* [Your assignment] From the listing below, pull each line that includes "ACCESSROAD".
╭──
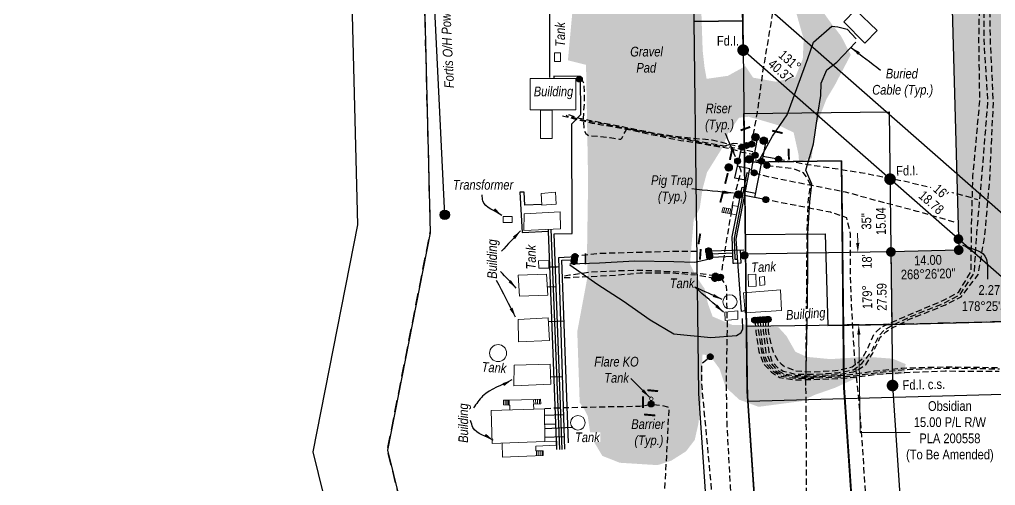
# Model space of a CAD drawing. Extents: x 622919 to 628952, y 5840458 to 5844880.
# Drawn here: x 623003 to 624010, y 5841657 to 5842138 of the extents above; entities that cross this region are included whole.
import ezdxf
from ezdxf.enums import TextEntityAlignment as Align

# ---------------------------------------------------------------- set-up
doc = ezdxf.new("R2010")
doc.units = 0
doc.header["$LTSCALE"] = 5
doc.header["$PDSIZE"] = 0.5
for name, pattern in [('0', [1, 1, 0]), ('foc-ACCESSROAD', [3.75, 2.5, -1.25]), ('POWERLINE5', [7.8, 2.4, -0.6, 0.6, -0.6, 0.6, -0.6, 2.4]), ('UG_PIPE', [1.875, 1.25, -0.625])]:
    doc.linetypes.add(name, pattern=pattern)
doc.layers.get('Defpoints').update_dxf_attribs({"color": 9})
for name, color, linetype in [('AS-CABLE', 224, 'foc-CABLE'), ('AS-PIPE-UG', 44, 'UG_PIPE'), ('AS-PIPE-UG-T', 44, 'Continuous'), ('AS-POWER', 104, 'foc-POWER'), ('AS-POWER-EXISTING', 72, 'POWERLINE5'), ('AS-POWER-T', 104, 'Continuous'), ('AS-ROADS', 254, 'Continuous'), ('AS-SYMBOL', 7, 'Continuous'), ('C-RW', 13, 'Continuous'), ('C-WS', 13, 'foc-ACCESSROAD'), ('L-BD', 7, 'Continuous'), ('L-BD1', 253, 'Continuous'), ('L-MON', 1, 'Continuous'), ('L-MON-T', 1, 'Continuous'), ('P-PROPOSED', 10, 'Continuous'), ('P-PROPOSED-H', 21, 'Continuous')]:
    doc.layers.add(name, color=color, linetype=linetype)
for name, color, linetype, lineweight in [('AS-GENERAL', 48, 'Continuous', 18), ('C-RW-T', 13, 'Continuous', 9), ('T-TEXT', 48, 'Continuous', 18)]:
    doc.layers.add(name, color=color, linetype=linetype, lineweight=lineweight)
doc.layers.add('AS-PIPE-AG', color=7, linetype='Continuous', true_color=0x7d00fa)
doc.styles.add('80CG', font='ARIALN.TTF', dxfattribs={"height": 10})
doc.styles.add('80L', font='ARIALN.TTF', dxfattribs={"height": 10})
doc.styles.add('foc-LtypeFont', font='ARIALN.TTF', dxfattribs={"height": 7.35})
doc.linetypes.add('foc-CABLE', pattern='A,2,-1,["C",foc-LtypeFont,S=0.2,R=0,X=-0.625,Y=-0.75],-1.24,8', length=12.24)
doc.linetypes.add('foc-POWER', pattern='A,6,-1,["P",foc-LtypeFont,S=0.2,R=0,X=-0.625,Y=-0.75],-1.24,4', length=12.24)
doc.dimstyles.new('Compass 5 000', dxfattribs={"dimscale": 5, "dimtxt": 9, "dimasz": 2, "dimexe": 0.2, "dimexo": 0.0625, "dimgap": 0.5, "dimtad": 0, "dimtih": 1, "dimtoh": 1, "dimzin": 0, "dimdsep": 46, "dimtxsty": '80CG', "dimcen": 0.1, "dimse1": 1, "dimse2": 1, "dimclrd": 256, "dimclrt": 256, "dimaunit": 1, "dimadec": 4, "dimazin": 0, "dimtfac": 0.06, "dimtofl": 0, "dimtmove": 0, "dimatfit": 1, "dimfxl": 0.2, "dimtolj": 1, "dimtzin": 0, "dimlwd": -1, "dimarcsym": 0})

# ---------------------------------------------------------------- blocks, each defined once
blk = doc.blocks.new('POWERPOLE')
h = blk.add_hatch(color=255)
edge = h.paths.add_edge_path()
edge.add_arc((0, 0), 0.96, 0, 360)
at = {"linetype": 'Continuous'}
for p, q in [((0.68, -0.68), (-0.68, 0.68)), ((-0.68, -0.68), (0.68, 0.68))]:
    blk.add_line(p, q, dxfattribs=at)
blk.add_circle((0, 0), 0.96, dxfattribs=at)
blk = doc.blocks.new('*D88')
at = {"layer": 'C-RW-T', "transparency": 16777216}
for p, q in [((623415, 5841603.2), (623458.4, 5841613.9)), ((623322.8, 5841580.5), (623313.1, 5841578.1))]:
    blk.add_line(p, q, dxfattribs=at)
for points in [[(623414.6, 5841604.8), (623415.4, 5841601.6), (623405.3, 5841600.8)], [(623322.4, 5841582.1), (623323.2, 5841578.8), (623332.5, 5841582.9)]]:
    blk.add_solid(points, dxfattribs=at)
at = {"layer": 'Defpoints', "color": 0, "transparency": 16777216}
for p in [(623400.8, 5841619.1), (623328, 5841601.2), (623332.5, 5841582.9)]:
    blk.add_point(p, dxfattribs=at)
at = {"layer": 'C-RW-T', "transparency": 16777216, "insert": (623497.5, 5841613.9), "char_height": 10, "attachment_point": 5, "style": '80CG'}
blk.add_mtext('\\A1;Obsidian\\P15.00 P/L R/W\\PPlan 892 3292\\PPLA 890473', dxfattribs=at)
blk = doc.blocks.new('PIG')
h = blk.add_hatch(color=255)
h.dxf.hatch_style = 1
edge = h.paths.add_edge_path()
edge.add_arc((0, 0), 0.85, 0, 360)
at = {"layer": 'AS-SYMBOL'}
h = blk.add_hatch(color=13, dxfattribs=at)
h.dxf.hatch_style = 1
h.paths.add_polyline_path([(-0.1, 0, 1), (-0.55, 0, 1)])
h = blk.add_hatch(color=13, dxfattribs=at)
h.dxf.hatch_style = 1
h.paths.add_polyline_path([(0.1, 0, 1), (0.55, 0, 1)])
at = {"layer": 'AS-SYMBOL', "color": 13}
for centre, radius in [((0, 0), 0.75), ((-0.33, 0), 0.225), ((0.33, 0), 0.225)]:
    blk.add_circle(centre, radius, dxfattribs=at)
blk = doc.blocks.new('RISER')
h = blk.add_hatch(color=255)
h.dxf.hatch_style = 1
edge = h.paths.add_edge_path()
edge.add_arc((0, 0), 0.7, 0, 360)
blk.add_hatch(color=13).paths.add_polyline_path([(0.58, -0.15), (-0.58, -0.15, 0.774597)])
at = {"color": 13}
blk.add_line((-0.58, -0.15), (0.58, -0.15), dxfattribs=at)
blk.add_circle((0, 0), 0.6, dxfattribs=at)
blk = doc.blocks.new('fdia')
at = {"color": 255, "const_width": 1}
blk.add_lwpolyline([(-0.5, 0, 1), (0.5, 0, 1)], format="xyb", close=True, dxfattribs=at)
blk = doc.blocks.new('Fdiaa')
blk.add_blockref('fdia', (0, 0))
blk = doc.blocks.new('fdib')
at = {"color": 1, "const_width": 1.6}
blk.add_lwpolyline([(-0.4, 0, 1), (0.4, 0, 1)], format="xyb", close=True, dxfattribs=at)
at = {"color": 1}
blk.add_circle((0, 0), 0.8, dxfattribs=at)
blk = doc.blocks.new('Fdibb')
blk.add_blockref('fdib', (0, 0))
blk = doc.blocks.new('fdicc')
for name in ['Fdibb', 'Fdiaa']:
    blk.add_blockref(name, (0, 0))
blk = doc.blocks.new('FDI')
blk.add_blockref('fdicc', (0, 0))
blk = doc.blocks.new('PLIA')
at = {"color": 255, "const_width": 1}
blk.add_lwpolyline([(-0.5, 0, 1), (0.5, 0, 1)], format="xyb", close=True, dxfattribs=at)
blk = doc.blocks.new('PLIAA')
blk.add_blockref('PLIA', (0, 0))
blk = doc.blocks.new('PLIB')
at = {"color": 1}
blk.add_circle((0, 0), 0.8, dxfattribs=at)
blk = doc.blocks.new('PLIBB')
blk.add_blockref('PLIB', (0, 0))
blk = doc.blocks.new('PLICC')
for name in ['PLIAA', 'PLIBB']:
    blk.add_blockref(name, (0, 0))
blk = doc.blocks.new('PLI')
blk.add_blockref('PLICC', (0, 0))

msp = doc.modelspace()

# ---------------------------------------------------------------- hatches: boundary and pattern name
at = {"layer": 'AS-ROADS'}
h = msp.add_hatch(color=256, dxfattribs=at)
h.dxf.hatch_style = 1
h.paths.add_polyline_path([(623712.231, 5841980.343), (623720.96, 5841994.365), (623728.13, 5842005.895), (623734.053, 5842020.852), (623745.247, 5842036.856), (623755.222, 5842037.791), (623769.873, 5842033.74), (623786.707, 5842028.755), (623801.67, 5842021.588), (623806.658, 5841999.152), (623807.281, 5841991.673), (623820.374, 5841994.789), (623822.244, 5842014.421), (623825.985, 5842031.559), (623835.649, 5842056.176), (623844.066, 5842070.199), (623860.641, 5842101.747), (623850.665, 5842121.067), (623841.002, 5842133.531), (623830.715, 5842147.865), (623826.35, 5842162.822), (623816.063, 5842175.598), (623782.055, 5842219.31), (623769.274, 5842242.058), (623739.347, 5842264.494), (623723.137, 5842278.205), (623672.578, 5842353.109), (623619.539, 5842434.546), (623528.457, 5842554.648), (623499.623, 5842546.754), (623581.405, 5842449.526), (623641.907, 5842355.992), (623664.168, 5842293.108), (623672.878, 5842250.54), (623676.749, 5842217.164), (623672.394, 5842183.787), (623650.282, 5842165.368), (623627.262, 5842154.323), (623605.163, 5842150.641), (623584.292, 5842150.334), (623573.549, 5842149.107), (623568.638, 5842096.028), (623587.361, 5842091.426), (623589.504, 5841971.651), (623588.34, 5841894.306), (623588.955, 5841873.103), (623578.316, 5841816.085), (623580.805, 5841742.727), (623585.248, 5841736.355), (623589.111, 5841728.824), (623592.07, 5841708.266), (623604.152, 5841687.827), (623622.121, 5841680.704), (623661.156, 5841678.227), (623675.407, 5841682.872), (623690.588, 5841692.472), (623699.572, 5841704.24), (623703.29, 5841720.653), (623706.697, 5841749.454), (623707.007, 5841777.015), (623707.627, 5841792.499), (623715.181, 5841791.275), (623725.094, 5841777.868), (623731.509, 5841758.826), (623745.504, 5841745.808), (623765.525, 5841738.425), (623809.521, 5841744.224), (623823.127, 5841750.636), (623844.315, 5841758.019), (623864.141, 5841767.151), (623876.776, 5841771.232), (623916.601, 5841772.293), (623917.223, 5841782.544), (623904.063, 5841788.086), (623889.794, 5841789.183), (623876.378, 5841790.037), (623839.567, 5841787.645), (623815.389, 5841789.983), (623803.495, 5841795.246), (623794.331, 5841811.423), (623785.947, 5841820.583), (623756.895, 5841823.117), (623738.371, 5841822.922), (623718.051, 5841831.584), (623713.372, 5841844.448), (623709.667, 5841860.43), (623700.698, 5841873.489), (623694.654, 5841885.963), (623698.515, 5841931.732), (623704.75, 5841943.261), (623707.555, 5841962.893)])
h.paths.add_polyline_path([(623711.847, 5842076.917), (623709.654, 5842089.126), (623707.775, 5842106.032), (623706.522, 5842142.347), (623706.522, 5842168.644), (623708.088, 5842224.056), (623708.715, 5842226.874), (623718.11, 5842230.944), (623733.456, 5842225.935), (623764.462, 5842199.637), (623786.385, 5842174.905), (623802.984, 5842149.86), (623812.066, 5842117.928), (623811.127, 5842097.579), (623803.297, 5842078.482), (623783.259, 5842073.99), (623759.764, 5842078.169), (623751.934, 5842090.065), (623733.77, 5842080.047)], flags=16)
at = {"layer": 'P-PROPOSED-H'}
h = msp.add_hatch(color=256, dxfattribs=at)
h.dxf.hatch_style = 1
h.paths.add_polyline_path([(623972.078, 5841900.194), (623902.108, 5841898.289), (623903.011, 5841823.312), (624049.076, 5841827.29), (624019.473, 5842908.377), (623944.51, 5842906.981)])

# ---------------------------------------------------------------- linework, layer by layer
at = {"layer": 'AS-CABLE', "flags": 128}
for points in [[(623764.828, 5841990.224), (623779.978, 5842017.619), (623794.923, 5842039.659), (623816.248, 5842097.799), (623822.043, 5842114.954), (623841.093, 5842131.244), (623847.443, 5842130.519), (623856.923, 5842128.289), (623866.253, 5842118.154)], [(623814.433, 5841760.404), (623815.963, 5841843.264), (623816.383, 5841886.989), (623816.318, 5841917.094), (623818.228, 5841950.024), (623820.498, 5841968.294), (623814.308, 5841982.829), (623822.153, 5842009.789), (623826.498, 5842040.434), (623829.848, 5842059.904), (623830.138, 5842072.369), (623836.008, 5842086.229), (623846.313, 5842094.134), (623865.758, 5842114.679)], [(623570.563, 5841885.929), (623601.378, 5841887.189), (623637.678, 5841889.149), (623678.043, 5841888.469), (623699.508, 5841887.869), (623717.778, 5841891.739)], [(623570.628, 5841885.019), (623599.523, 5841864.809), (623625.738, 5841847.954), (623653.393, 5841828.199), (623678.068, 5841813.764), (623716.223, 5841809.919), (623742.723, 5841812.189), (623747.058, 5841814.634), (623749.303, 5841818.639), (623748.888, 5841829.454)]]:
    msp.add_lwpolyline(points, dxfattribs=at)
at = {"layer": 'AS-GENERAL', "flags": 128}
for points in [[(623853.59, 5842135.632), (623865.536, 5842148.044), (623887.777, 5842126.833), (623875.203, 5842113.635), (623853.59, 5842135.632)], [(623541.05, 5841958.524), (623541.888, 5841946.711), (623556.471, 5841947.633), (623555.717, 5841959.865), (623541.05, 5841958.524)], [(623727.39, 5841939.448), (623728.786, 5841944.247)], [(623738.211, 5841942.587), (623729.985, 5841943.898), (623728.786, 5841944.247)], [(623729.325, 5841938.942), (623730.705, 5841943.689)], [(623731.315, 5841938.625), (623732.722, 5841943.462)], [(623733.305, 5841938.308), (623734.711, 5841943.145)], [(623735.295, 5841937.991), (623736.701, 5841942.828)], [(623744.553, 5841945.246), (623739.005, 5841946.372), (623737.2, 5841937.687), (623742.756, 5841936.54)], [(623523.414, 5841937.614), (623523.082, 5841920.3), (623561.018, 5841922.172), (623560.706, 5841939.807), (623523.414, 5841937.614)], [(623737.425, 5841937.651), (623728.89, 5841939.012), (623727.39, 5841939.448)], [(623548.813, 5841889.348), (623548.894, 5841881.591), (623538.493, 5841881.431), (623538.253, 5841889.108), (623548.813, 5841889.348)], [(623517.46, 5841874.35), (623546.624, 5841875.281), (623547.762, 5841853.778), (623518.701, 5841852.641), (623517.46, 5841874.35)], [(623755.145, 5841862.689), (623762.939, 5841862.881), (623762.651, 5841875.193), (623754.568, 5841874.905), (623755.145, 5841862.689)], [(623766.458, 5841872.37), (623766.7, 5841863.8), (623772.073, 5841864.223), (623771.711, 5841872.852), (623766.458, 5841872.37)], [(623751.589, 5841835.441), (623789.308, 5841837.942), (623787.961, 5841859.007), (623749.953, 5841856.218), (623751.589, 5841835.441)], [(623730.582, 5841836.074), (623731.067, 5841827.646), (623744.169, 5841828.98), (623743.926, 5841837.347), (623730.582, 5841836.074)], [(623517.369, 5841828.463), (623517.576, 5841805.65), (623549.528, 5841806.79), (623548.387, 5841830.434), (623517.369, 5841828.463)], [(623513.082, 5841781.337), (623512.77, 5841760.253), (623551.005, 5841761.811), (623550.382, 5841782.583), (623513.082, 5841781.337)], [(623508.612, 5841739.726), (623508.653, 5841740.246), (623507.745, 5841740.209), (623502.156, 5841740.36), (623502.074, 5841745.429), (623507.745, 5841745.135), (623533.9, 5841745.945), (623540.497, 5841746.257), (623540.589, 5841741.341)], [(623503.867, 5841740.314), (623503.822, 5841745.339)], [(623505.602, 5841740.267), (623505.5, 5841745.252)], [(623507.048, 5841740.228), (623506.974, 5841745.175)], [(623507.942, 5841740.217), (623507.941, 5841745.141)], [(623533.404, 5841741.019), (623533.172, 5841745.911)], [(623540.589, 5841741.341), (623533.241, 5841741.101), (623533.394, 5841736.013)], [(623535.401, 5841741.113), (623535.169, 5841746.005)], [(623537.398, 5841741.208), (623537.166, 5841746.1)], [(623539.395, 5841741.302), (623539.163, 5841746.194)], [(623489.315, 5841734.686), (623544.55, 5841736.349), (623544.717, 5841702.589), (623490.313, 5841700.427), (623489.315, 5841734.686)], [(623508.612, 5841739.726), (623508.746, 5841735.271)], [(623500.736, 5841700.841), (623501.056, 5841686.357), (623543.081, 5841688.348), (623543.055, 5841693.026), (623535.422, 5841692.92), (623535.369, 5841697.918), (623557.205, 5841698.714), (623557.043, 5841702.881), (623544.717, 5841702.589)], [(623536.058, 5841692.929), (623536.086, 5841688.016)], [(623538.057, 5841692.957), (623538.084, 5841688.111)], [(623540.056, 5841692.985), (623540.083, 5841688.206)], [(623542.055, 5841693.012), (623542.082, 5841688.3)], [(623543.055, 5841693.026), (623543.081, 5841688.348)]]:
    msp.add_lwpolyline(points, dxfattribs=at)
for points in [[(623554.932, 5842103.621), (623561.103, 5842103.621), (623561.103, 5842094.757), (623554.932, 5842094.757)], [(623529.73, 5842077.462), (623576.967, 5842077.462), (623576.967, 5842044.834), (623529.73, 5842044.834)], [(623540.391, 5842044.475), (623552.368, 5842044.475), (623552.368, 5842015.387), (623540.391, 5842015.387)], [(623501.961, 5841934.78), (623510.947, 5841934.78), (623510.947, 5841928.689), (623501.961, 5841928.689)]]:
    msp.add_lwpolyline(points, close=True, dxfattribs=at)
at = {"layer": 'AS-GENERAL', "const_width": 1.999, "flags": 128}
for points in [[(623746.967, 5842023.767), (623756.828, 5842027.32)], [(623779.531, 5842023.424), (623790.309, 5842020.902)], [(623738.367, 5842004.71), (623735.844, 5841993.248)], [(623796.386, 5842004.856), (623796.845, 5841993.394)], [(623733.78, 5841979.724), (623730.914, 5841968.606)], [(623729.079, 5841961.385), (623725.983, 5841949.351)], [(623705.277, 5841917.296), (623703.437, 5841906.259)], [(623705.737, 5841901.315), (623704.932, 5841890.393)], [(623586.772, 5841896.953), (623586.772, 5841885.442)], [(623646.214, 5841737.28), (623646.16, 5841749.33)], [(623650.714, 5841755.649), (623661.804, 5841754.578)], [(623647.285, 5841730.532), (623658.965, 5841729.461)]]:
    msp.add_lwpolyline(points, dxfattribs=at)
at = {"layer": 'AS-GENERAL'}
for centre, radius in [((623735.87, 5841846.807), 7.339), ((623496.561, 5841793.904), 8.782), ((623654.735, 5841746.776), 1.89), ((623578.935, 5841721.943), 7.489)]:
╰──
* [Written response]
for name, pattern in [('0', [1, 1, 0]), ('foc-ACCESSROAD', [3.75, 2.5, -1.25]), ('POWERLINE5', [7.8, 2.4, -0.6, 0.6, -0.6, 0.6, -0.6, 2.4]), ('UG_PIPE', [1.875, 1.25, -0.625])]:
for name, color, linetype in [('AS-CABLE', 224, 'foc-CABLE'), ('AS-PIPE-UG', 44, 'UG_PIPE'), ('AS-PIPE-UG-T', 44, 'Continuous'), ('AS-POWER', 104, 'foc-POWER'), ('AS-POWER-EXISTING', 72, 'POWERLINE5'), ('AS-POWER-T', 104, 'Continuous'), ('AS-ROADS', 254, 'Continuous'), ('AS-SYMBOL', 7, 'Continuous'), ('C-RW', 13, 'Continuous'), ('C-WS', 13, 'foc-ACCESSROAD'), ('L-BD', 7, 'Continuous'), ('L-BD1', 253, 'Continuous'), ('L-MON', 1, 'Continuous'), ('L-MON-T', 1, 'Continuous'), ('P-PROPOSED', 10, 'Continuous'), ('P-PROPOSED-H', 21, 'Continuous')]:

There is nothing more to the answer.